Majority of Employees Say Moonlighting is Unethical: Report

According to a report, the majority of employees (81%) interviewed said that they feel moonlighting is unethical and do not wish to indulge in it. Out of the employees surveyed, less than one out of five (19%) wanted to moonlight, while 81% of employees stated that they do not wish to take up another job along with their current employment as per the global site, Indeed’s quarterly hiring tracker.

The Indeed report is based on a survey by Valuvox amongst 1,281 employees and 1,533 job seekers between July and September 2022. Usually, a moonlighting situation requires an employer to develop a moonlighting policy when the employee has a primary full-time position and a secondary part-time position. 

The survey participants were segregated into cities and categorised into small, medium and large organisations and sectors. The report showed that safeguarding against job loss (37%) is one of the primary reasons employees moonlight, followed by supplementing incomes (27%).

However, employers have a different view on moonlighting, as 31% of employers believed that employees moonlight due to inadequate engagement in their work, and 23% of the participants said that employees have ample time for a second job, as per the report.
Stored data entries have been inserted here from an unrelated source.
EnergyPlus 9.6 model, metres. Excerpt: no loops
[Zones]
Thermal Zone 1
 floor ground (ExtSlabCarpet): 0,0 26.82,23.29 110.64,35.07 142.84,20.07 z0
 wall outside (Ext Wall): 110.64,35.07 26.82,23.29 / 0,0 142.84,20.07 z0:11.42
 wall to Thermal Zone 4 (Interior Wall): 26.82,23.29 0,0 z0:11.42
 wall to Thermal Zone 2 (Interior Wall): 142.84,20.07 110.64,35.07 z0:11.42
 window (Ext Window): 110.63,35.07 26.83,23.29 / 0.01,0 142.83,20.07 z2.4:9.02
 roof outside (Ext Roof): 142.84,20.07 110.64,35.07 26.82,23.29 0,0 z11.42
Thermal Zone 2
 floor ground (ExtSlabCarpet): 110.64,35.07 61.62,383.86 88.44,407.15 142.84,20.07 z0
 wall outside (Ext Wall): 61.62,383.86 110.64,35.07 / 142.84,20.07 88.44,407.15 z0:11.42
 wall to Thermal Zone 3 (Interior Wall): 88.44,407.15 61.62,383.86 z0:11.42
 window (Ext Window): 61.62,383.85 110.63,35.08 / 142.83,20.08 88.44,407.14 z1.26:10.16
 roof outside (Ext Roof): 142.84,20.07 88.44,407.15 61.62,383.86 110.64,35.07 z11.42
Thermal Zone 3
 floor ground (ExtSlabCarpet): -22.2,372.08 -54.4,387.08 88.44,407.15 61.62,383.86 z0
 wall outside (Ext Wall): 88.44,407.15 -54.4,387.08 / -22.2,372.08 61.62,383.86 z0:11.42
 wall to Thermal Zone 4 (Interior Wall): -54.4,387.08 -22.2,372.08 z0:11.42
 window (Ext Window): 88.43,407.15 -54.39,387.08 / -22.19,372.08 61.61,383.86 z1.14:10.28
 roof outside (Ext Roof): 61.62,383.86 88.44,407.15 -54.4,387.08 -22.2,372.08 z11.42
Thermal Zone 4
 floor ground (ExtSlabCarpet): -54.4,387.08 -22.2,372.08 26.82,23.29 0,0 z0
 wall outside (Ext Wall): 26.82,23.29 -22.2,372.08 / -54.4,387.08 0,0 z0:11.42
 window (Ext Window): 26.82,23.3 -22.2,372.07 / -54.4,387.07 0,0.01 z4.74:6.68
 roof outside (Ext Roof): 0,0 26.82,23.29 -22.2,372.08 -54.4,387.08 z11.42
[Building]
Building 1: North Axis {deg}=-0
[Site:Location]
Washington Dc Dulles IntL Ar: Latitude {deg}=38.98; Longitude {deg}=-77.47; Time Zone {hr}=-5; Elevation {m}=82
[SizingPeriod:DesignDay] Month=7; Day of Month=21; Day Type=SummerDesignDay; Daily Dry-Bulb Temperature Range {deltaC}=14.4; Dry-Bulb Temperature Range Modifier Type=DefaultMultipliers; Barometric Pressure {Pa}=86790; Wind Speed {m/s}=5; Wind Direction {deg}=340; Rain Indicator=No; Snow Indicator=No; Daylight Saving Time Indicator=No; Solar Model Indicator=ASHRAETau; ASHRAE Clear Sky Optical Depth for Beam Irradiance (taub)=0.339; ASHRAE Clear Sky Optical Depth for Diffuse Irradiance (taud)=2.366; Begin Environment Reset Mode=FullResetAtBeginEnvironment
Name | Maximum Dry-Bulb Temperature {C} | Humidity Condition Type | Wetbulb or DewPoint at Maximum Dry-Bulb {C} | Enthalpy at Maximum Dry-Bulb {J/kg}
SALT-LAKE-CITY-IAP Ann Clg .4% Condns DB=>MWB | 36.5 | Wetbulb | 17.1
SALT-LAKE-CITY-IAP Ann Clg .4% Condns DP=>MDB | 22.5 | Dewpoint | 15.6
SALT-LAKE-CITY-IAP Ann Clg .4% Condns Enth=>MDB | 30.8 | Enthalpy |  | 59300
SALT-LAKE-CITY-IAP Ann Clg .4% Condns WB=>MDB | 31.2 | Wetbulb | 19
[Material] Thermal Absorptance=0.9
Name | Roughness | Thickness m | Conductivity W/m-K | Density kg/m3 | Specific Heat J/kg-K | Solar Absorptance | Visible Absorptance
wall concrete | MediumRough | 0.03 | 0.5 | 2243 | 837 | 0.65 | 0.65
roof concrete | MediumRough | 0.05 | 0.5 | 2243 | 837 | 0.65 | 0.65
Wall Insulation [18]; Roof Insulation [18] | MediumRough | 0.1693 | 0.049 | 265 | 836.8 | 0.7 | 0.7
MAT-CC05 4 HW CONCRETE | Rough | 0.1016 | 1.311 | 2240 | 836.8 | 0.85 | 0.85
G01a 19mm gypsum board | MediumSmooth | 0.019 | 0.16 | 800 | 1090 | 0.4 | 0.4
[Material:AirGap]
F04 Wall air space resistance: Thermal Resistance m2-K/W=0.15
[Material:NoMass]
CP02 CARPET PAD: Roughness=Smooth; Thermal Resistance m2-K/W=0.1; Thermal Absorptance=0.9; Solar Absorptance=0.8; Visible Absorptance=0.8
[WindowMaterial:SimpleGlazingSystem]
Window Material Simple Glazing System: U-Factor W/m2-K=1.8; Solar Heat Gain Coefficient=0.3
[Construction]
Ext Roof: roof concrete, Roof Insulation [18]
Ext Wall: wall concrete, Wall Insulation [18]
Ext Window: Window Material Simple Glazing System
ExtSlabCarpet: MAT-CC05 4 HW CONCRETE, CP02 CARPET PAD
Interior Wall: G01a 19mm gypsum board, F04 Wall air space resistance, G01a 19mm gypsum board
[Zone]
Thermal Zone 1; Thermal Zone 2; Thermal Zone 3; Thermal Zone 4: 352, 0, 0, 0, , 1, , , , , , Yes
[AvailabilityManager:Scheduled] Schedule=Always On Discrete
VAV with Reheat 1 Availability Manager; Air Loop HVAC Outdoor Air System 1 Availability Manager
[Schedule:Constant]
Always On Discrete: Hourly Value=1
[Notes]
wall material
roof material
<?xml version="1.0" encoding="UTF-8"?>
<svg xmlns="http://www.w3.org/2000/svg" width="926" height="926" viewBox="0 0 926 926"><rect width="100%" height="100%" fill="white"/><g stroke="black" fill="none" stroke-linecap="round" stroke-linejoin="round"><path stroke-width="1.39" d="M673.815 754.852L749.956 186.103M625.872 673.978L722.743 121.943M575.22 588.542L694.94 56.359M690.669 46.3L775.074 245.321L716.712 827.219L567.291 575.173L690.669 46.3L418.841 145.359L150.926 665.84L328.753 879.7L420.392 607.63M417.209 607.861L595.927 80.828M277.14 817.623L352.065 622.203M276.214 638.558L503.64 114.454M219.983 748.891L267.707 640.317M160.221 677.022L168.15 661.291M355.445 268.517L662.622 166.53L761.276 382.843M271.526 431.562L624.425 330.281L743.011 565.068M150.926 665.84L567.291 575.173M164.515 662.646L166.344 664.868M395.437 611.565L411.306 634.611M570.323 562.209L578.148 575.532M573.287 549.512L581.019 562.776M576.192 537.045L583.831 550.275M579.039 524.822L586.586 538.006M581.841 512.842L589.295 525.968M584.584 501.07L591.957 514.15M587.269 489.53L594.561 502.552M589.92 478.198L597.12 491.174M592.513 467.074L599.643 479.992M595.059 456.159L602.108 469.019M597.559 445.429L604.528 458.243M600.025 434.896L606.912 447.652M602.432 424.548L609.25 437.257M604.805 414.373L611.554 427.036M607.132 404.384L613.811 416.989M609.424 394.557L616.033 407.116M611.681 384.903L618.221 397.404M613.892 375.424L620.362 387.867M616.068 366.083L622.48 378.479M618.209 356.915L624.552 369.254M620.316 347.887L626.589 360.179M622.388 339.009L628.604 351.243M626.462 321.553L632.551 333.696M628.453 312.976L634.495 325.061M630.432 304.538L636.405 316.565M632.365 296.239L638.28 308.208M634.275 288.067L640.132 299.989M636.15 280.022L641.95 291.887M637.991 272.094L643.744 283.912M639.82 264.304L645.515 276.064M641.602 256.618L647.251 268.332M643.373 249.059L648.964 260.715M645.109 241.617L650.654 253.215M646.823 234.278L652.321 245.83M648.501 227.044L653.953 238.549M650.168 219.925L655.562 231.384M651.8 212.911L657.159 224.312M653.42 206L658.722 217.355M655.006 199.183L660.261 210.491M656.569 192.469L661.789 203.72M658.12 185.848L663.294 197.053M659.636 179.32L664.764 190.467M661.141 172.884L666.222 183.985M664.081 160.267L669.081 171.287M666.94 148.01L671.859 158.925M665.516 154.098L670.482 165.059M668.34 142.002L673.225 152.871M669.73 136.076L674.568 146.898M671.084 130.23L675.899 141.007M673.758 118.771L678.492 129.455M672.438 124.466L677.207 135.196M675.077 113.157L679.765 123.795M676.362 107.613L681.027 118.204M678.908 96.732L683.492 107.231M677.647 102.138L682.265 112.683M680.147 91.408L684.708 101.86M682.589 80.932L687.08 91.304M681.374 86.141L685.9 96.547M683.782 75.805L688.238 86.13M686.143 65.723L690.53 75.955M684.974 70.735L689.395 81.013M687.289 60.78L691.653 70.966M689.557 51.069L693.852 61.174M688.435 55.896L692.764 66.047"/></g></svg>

Similarly, the report noted that quiet quitting is a rising trend due to employee burnout and stress. The workers leaving jobs disengage from gradually taking up anything beyond the minimum needed work to keep their jobs.

Interestingly, 33% of the employees believed that low job satisfaction, including lack of challenge and boredom, were the reasons for the increasing trend of quiet quitting, and 21% thought the reason to be lack of commitment to jobs. However, 29% of employees believed that being overwhelmed with work or burnout led to this trend’s growth, and 23% believed it to be a lack of managers’ support.

Indeed India’s Head of Sales, Sashi Kumar, stated that there is a change in what people want from work. It is not just clocking in during work hours and going home. The pandemic has made employees re-evaluate priorities. In an era where talent is valued, employers are shifting focus on flexibility at work, employee experience to employee life experience, more open paid time offs and a movement towards a hybrid model, amongst others. 

With recent layoff reports, it is essential for employers to re-look at their workplace culture and address the underlying issues driving the quiet quitting trend and moonlighting.